Estimation of crop transpiration and its scale effect based on ground and UAV thermal infrared remote sensing images
Introduction
Evapotranspiration (ET), which links the water, energy, and carbon cycles, plays an important role in driving climate patterns (Fisher et al., 2017). In arid and semiarid areas where agriculture relies on irrigation, there exists a serious shortage in water resources, so many water-saving irrigation strategies, such as regulated deficit irrigation (RDI), are popular. Furthermore, irrigated water in arid areas is mainly consumed by ET. Over 90 % of the water absorbed by crops is consumed by transpiration (T), and ET is the foremost variable required for agricultural water management (Zang et al., 2012). Therefore, accurate calculation of ET and T is of great significance for calculating irrigation water demand and realizing precision irrigation to promote water saving in agriculture, especially from a spatial perspective.
Although many researchers have used different approaches to study ET (Anapalli et al., 2018; Delogu et al., 2018; Talsma et al., 2018; Tie et al., 2018; Wu et al., 2017; Yao et al., 2017), the ability to accurately capture its spatiotemporal dynamics from leaves to ecosystems and from seconds to years remains limited (Page et al., 2018). For example, more traditional methods, such as using eddy covariance (EC) and weighing lysimeters, can measure ET at a resolution of seconds to months in different regions (Goulden et al., 1996; Liu et al., 2002), but they cannot reflect the spatial variability of ET. Although satellite remote sensing (RS) technology overcomes the shortcomings of traditional methods because of its spatiotemporal continuity and large-span characteristics, the spatial resolution of satellite images is too coarse to provide the submeter-scale resolution data required for precision agriculture. It is worth mentioning that the pixel scales are larger than some small plots in most agricultural regions (Gowda et al., 2008), and its observation frequency is low, which may result in a particular period of crop growth being overlooked. Therefore, the low spatial and temporal resolution limits the use of satellite imagery in precision agriculture (Khanal et al., 2017).
Handheld thermal imaging systems can be used to estimate ET based on ground RS (Page et al., 2018). Improvements such as the reduction of the thermal infrared (TIR) imaging system’s weight and the increased availability of UAVs make it easier to apply the UAV-based thermal imaging system in agriculture (Gago et al., 2015; Sepúlveda-Reyes et al., 2016; Poblete et al., 2017; Santesteban et al., 2017). UAV RS can collect surface information with high spatiotemporal resolution (Dandois and Ellis, 2013; Faye et al., 2016) and fill the gap between ground measurement and satellite RS estimation. Ground and UAV-based thermal RS can quantitatively characterize differences at the centimeter level for pixels, and such RS meets the requirements of precision agriculture. These types to RS have also been used to estimate the leaf area index, crop water stress index, and ET under different conditions (Banerjee et al., 2018; Hoffmann et al., 2016; Ortega-Farías et al., 2016; Hou et al., 2018; Wang et al., 2017).

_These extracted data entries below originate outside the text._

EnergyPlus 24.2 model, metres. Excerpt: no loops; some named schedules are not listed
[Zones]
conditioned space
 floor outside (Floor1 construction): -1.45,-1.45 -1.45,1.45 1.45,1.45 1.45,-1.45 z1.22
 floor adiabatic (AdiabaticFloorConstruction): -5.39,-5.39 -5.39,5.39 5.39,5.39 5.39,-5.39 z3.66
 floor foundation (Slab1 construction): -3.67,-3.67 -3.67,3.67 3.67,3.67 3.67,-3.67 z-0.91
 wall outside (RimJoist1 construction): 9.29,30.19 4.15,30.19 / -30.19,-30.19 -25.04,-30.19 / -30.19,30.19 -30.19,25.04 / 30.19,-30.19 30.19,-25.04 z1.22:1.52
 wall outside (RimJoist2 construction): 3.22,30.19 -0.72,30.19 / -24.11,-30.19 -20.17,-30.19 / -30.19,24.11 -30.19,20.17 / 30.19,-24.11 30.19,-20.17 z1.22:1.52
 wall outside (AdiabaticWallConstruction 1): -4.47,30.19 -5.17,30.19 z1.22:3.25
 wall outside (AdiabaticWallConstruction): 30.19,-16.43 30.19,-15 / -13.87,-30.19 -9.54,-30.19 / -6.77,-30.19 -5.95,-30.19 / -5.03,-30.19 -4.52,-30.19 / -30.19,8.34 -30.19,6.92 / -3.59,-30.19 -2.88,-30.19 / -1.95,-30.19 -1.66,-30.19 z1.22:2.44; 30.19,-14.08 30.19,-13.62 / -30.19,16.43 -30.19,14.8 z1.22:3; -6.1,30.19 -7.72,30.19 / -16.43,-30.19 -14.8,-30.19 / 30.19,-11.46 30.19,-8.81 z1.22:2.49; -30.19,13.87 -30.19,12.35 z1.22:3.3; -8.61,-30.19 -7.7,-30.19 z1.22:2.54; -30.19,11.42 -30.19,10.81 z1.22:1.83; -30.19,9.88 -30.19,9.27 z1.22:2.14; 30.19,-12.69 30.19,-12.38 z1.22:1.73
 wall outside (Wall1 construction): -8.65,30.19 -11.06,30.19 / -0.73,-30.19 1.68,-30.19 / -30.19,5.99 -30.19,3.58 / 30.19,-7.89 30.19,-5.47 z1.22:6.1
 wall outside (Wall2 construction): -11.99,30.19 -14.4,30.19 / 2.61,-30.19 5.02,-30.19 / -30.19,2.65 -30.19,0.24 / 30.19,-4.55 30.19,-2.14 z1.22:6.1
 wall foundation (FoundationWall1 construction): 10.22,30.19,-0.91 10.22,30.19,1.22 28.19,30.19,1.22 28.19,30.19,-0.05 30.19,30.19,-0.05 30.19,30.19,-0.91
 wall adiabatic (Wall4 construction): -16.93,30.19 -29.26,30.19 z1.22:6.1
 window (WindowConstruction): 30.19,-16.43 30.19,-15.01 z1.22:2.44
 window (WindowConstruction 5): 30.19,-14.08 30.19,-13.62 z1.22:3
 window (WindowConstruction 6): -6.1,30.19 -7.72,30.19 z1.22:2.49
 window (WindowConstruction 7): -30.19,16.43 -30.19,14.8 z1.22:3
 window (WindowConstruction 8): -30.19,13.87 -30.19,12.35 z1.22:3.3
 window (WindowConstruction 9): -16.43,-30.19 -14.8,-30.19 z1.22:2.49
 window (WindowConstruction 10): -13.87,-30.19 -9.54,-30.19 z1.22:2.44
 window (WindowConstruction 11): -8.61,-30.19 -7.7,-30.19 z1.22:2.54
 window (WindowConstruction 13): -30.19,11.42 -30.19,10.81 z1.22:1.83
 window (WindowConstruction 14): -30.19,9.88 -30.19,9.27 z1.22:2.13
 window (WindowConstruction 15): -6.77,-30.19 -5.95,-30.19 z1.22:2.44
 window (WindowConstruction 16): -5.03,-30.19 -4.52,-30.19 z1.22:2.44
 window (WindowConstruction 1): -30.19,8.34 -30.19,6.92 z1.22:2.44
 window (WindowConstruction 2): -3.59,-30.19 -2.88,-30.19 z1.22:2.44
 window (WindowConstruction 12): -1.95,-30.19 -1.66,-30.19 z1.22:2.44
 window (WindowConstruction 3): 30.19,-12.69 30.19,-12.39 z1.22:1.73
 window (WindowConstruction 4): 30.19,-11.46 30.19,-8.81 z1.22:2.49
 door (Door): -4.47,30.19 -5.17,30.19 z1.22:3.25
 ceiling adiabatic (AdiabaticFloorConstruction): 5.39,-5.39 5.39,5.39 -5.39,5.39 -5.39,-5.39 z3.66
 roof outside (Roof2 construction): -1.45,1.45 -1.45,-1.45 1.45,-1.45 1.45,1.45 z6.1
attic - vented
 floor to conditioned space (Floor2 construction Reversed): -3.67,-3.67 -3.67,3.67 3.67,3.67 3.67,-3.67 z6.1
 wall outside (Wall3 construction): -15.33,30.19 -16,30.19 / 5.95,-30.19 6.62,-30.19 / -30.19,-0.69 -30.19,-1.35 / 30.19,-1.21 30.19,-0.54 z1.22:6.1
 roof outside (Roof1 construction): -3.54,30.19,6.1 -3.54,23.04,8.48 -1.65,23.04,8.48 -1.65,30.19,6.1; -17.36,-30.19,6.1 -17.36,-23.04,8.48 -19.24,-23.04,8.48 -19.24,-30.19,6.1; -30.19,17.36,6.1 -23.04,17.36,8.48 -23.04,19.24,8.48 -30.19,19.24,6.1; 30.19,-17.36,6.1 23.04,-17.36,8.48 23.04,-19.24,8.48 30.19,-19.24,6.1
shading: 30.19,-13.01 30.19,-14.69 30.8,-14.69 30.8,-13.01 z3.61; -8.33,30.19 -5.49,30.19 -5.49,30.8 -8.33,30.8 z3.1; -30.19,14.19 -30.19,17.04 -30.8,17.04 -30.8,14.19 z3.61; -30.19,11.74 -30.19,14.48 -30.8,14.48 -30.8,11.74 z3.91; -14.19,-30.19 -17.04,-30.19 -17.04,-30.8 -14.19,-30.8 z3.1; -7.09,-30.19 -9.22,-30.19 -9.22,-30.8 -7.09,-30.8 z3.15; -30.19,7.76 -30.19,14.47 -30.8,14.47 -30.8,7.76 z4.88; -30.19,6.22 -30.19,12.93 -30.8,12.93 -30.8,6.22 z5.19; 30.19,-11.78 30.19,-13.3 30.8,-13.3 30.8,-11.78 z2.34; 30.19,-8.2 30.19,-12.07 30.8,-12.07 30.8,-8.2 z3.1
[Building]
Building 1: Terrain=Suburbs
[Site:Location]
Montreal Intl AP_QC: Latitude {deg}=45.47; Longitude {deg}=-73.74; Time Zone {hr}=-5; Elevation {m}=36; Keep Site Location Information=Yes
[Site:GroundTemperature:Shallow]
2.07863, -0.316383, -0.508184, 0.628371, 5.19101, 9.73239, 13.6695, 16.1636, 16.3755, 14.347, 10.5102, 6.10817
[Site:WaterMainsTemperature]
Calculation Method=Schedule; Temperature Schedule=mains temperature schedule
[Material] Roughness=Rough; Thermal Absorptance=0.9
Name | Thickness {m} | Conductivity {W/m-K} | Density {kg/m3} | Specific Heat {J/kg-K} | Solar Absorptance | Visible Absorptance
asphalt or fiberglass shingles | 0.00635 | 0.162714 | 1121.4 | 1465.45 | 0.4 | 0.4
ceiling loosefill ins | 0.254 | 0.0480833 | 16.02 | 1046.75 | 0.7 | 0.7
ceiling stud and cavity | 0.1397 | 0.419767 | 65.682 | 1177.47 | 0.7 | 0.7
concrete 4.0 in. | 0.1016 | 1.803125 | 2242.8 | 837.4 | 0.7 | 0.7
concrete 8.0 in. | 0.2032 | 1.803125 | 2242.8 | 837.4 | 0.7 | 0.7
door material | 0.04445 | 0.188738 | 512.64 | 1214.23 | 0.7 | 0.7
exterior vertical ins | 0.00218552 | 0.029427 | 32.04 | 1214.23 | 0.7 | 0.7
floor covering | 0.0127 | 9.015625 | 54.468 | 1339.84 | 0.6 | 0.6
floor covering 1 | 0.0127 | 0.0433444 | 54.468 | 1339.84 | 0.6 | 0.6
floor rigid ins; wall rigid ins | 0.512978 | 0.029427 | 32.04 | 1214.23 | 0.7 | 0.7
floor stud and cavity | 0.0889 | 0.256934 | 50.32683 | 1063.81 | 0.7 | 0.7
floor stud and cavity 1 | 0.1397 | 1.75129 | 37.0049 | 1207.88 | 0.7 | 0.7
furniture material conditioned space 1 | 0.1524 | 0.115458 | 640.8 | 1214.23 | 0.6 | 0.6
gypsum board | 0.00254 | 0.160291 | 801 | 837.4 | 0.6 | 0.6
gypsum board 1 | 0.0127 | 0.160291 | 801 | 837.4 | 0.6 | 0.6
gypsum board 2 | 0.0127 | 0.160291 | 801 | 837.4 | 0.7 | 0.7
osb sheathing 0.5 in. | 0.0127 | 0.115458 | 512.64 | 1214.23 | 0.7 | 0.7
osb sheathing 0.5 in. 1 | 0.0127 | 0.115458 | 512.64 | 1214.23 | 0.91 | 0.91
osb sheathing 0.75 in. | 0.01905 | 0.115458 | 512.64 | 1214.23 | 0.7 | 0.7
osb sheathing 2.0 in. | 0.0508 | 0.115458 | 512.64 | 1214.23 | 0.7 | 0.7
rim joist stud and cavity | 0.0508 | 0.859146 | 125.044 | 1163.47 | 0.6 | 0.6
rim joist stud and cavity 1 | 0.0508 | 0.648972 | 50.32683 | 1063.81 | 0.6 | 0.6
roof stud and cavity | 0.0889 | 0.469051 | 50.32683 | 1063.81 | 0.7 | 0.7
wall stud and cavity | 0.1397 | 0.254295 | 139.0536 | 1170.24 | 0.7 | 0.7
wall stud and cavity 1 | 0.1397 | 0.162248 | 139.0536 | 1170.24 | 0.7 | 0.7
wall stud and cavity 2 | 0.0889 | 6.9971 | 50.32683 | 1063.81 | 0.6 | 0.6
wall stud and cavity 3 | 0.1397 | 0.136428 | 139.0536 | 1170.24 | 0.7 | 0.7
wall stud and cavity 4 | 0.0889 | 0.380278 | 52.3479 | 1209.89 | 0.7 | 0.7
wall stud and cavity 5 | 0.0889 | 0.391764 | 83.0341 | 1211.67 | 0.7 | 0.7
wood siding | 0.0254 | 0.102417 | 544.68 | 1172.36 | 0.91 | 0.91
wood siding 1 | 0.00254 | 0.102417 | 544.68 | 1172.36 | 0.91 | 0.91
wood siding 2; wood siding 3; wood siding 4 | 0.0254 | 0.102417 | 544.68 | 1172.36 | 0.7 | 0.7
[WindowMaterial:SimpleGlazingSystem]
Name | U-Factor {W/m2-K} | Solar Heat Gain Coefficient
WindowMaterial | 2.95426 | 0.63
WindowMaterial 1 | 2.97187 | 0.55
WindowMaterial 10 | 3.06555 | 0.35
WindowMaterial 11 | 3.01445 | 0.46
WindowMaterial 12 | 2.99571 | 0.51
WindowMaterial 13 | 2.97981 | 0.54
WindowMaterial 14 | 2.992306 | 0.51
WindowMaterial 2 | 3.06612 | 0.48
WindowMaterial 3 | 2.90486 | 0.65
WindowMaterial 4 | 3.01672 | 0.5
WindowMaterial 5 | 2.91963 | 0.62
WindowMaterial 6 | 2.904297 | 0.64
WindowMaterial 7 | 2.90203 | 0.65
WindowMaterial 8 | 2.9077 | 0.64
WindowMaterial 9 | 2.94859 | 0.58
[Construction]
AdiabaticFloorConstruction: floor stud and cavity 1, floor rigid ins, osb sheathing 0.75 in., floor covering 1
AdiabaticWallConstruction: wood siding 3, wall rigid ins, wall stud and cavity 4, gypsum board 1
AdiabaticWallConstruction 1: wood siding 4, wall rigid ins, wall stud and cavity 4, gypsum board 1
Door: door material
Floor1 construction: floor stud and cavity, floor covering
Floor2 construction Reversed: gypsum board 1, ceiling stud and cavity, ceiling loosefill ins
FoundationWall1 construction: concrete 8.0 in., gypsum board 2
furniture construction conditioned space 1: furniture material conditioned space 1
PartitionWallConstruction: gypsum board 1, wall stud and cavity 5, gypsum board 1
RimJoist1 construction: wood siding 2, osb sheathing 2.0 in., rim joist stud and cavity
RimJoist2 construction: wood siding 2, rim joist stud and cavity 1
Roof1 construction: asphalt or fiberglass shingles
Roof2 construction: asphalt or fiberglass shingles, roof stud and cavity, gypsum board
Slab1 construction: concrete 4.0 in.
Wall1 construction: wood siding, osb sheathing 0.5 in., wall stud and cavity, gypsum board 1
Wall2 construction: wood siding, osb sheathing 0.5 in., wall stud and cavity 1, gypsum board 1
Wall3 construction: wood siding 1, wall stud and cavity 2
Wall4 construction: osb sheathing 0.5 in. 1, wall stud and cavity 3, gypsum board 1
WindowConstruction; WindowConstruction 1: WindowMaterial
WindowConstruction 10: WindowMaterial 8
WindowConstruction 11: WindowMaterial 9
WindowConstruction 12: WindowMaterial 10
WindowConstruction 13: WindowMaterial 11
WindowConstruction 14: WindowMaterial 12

With the gradual improvement of ground-UAV-satellite RS systems, images with various spatial resolutions from different sources (TM/ETM+, ASTER, MODIS, AVHRR, Fluke, FLIR, and others) have been used for ET observation. However, when images with a range of resolutions are applied to the same model, the output is inconsistent, which limits the application of ET and its components, especially over heterogeneous landscapes (Wang et al., 2016). Surface heterogeneity is used to describe the complexity of the surface scene, and heterogeneity widely exists in various scales when it comes to land surface. The surface area represented by a pixel can be a mixture of many kinds of ground objects on a heterogeneous surface. In this sense, the pixel scale problem has become increasingly prominent when using images with different resolutions to estimate ET. Recently, many researchers have studied the scale effect on ET estimation that comes from using images with different spatial resolutions based on various RS models (Wu and Li, 2009). There are two main methods: one is to scale a high-resolution image up to a low-resolution image and then compare their estimated ETs, and the other is to invert ET independently using satellite images with different resolutions and then compare them directly, a method that is considered to have practical significance (Wang et al., 2016). For example, McCabe and Wood (2006) used three types of satellite images (ETM+, ASTER, and MODIS) independently to study the scale effect on ET estimation over a small watershed in central Iowa, and their results suggest that high-resolution datasets are better able to describe surface heterogeneity.
According to Ershadi et al. (2013), the accuracy of ET estimation decreases with the increase of pixel scale, and it is greatly influenced by surface properties when models contain aerodynamic resistance. In this regard, the three-temperature (3T) model without aerodynamic resistance has been widely used to estimate ET with promising results (Qiu and Ben-Asher, 2010; Luo et al., 2012; Xiong et al., 2012; Tian et al., 2014; Zhang et al., 2019). For example, Hou et al. (2019) and Tian et al. (2020) used the T measured by the LI-6400 portable photosynthesis measurement system and the stable isotope method to verify the soybean and corn T estimated by the 3T model and ground thermal images with a mean absolute percentage error (MAPE) and a coefficient of determination (R2) of 9.53 % and 0.86–0.88, respectively. In addition, Wang et al. (2016) studied the scale effect on ET estimation that uses aerial photos (3 m) and images from ETM+ (60 m), ASTER (90 m), and MODIS (1000 m) combined with the 3T model, and they verified the estimated ET against EC tower measurements with a MAPE of 12.0 %. However, the scale effect on ET estimation that comes from ground and UAV TIR RS images has not been addressed, especially in heterogeneous farmland.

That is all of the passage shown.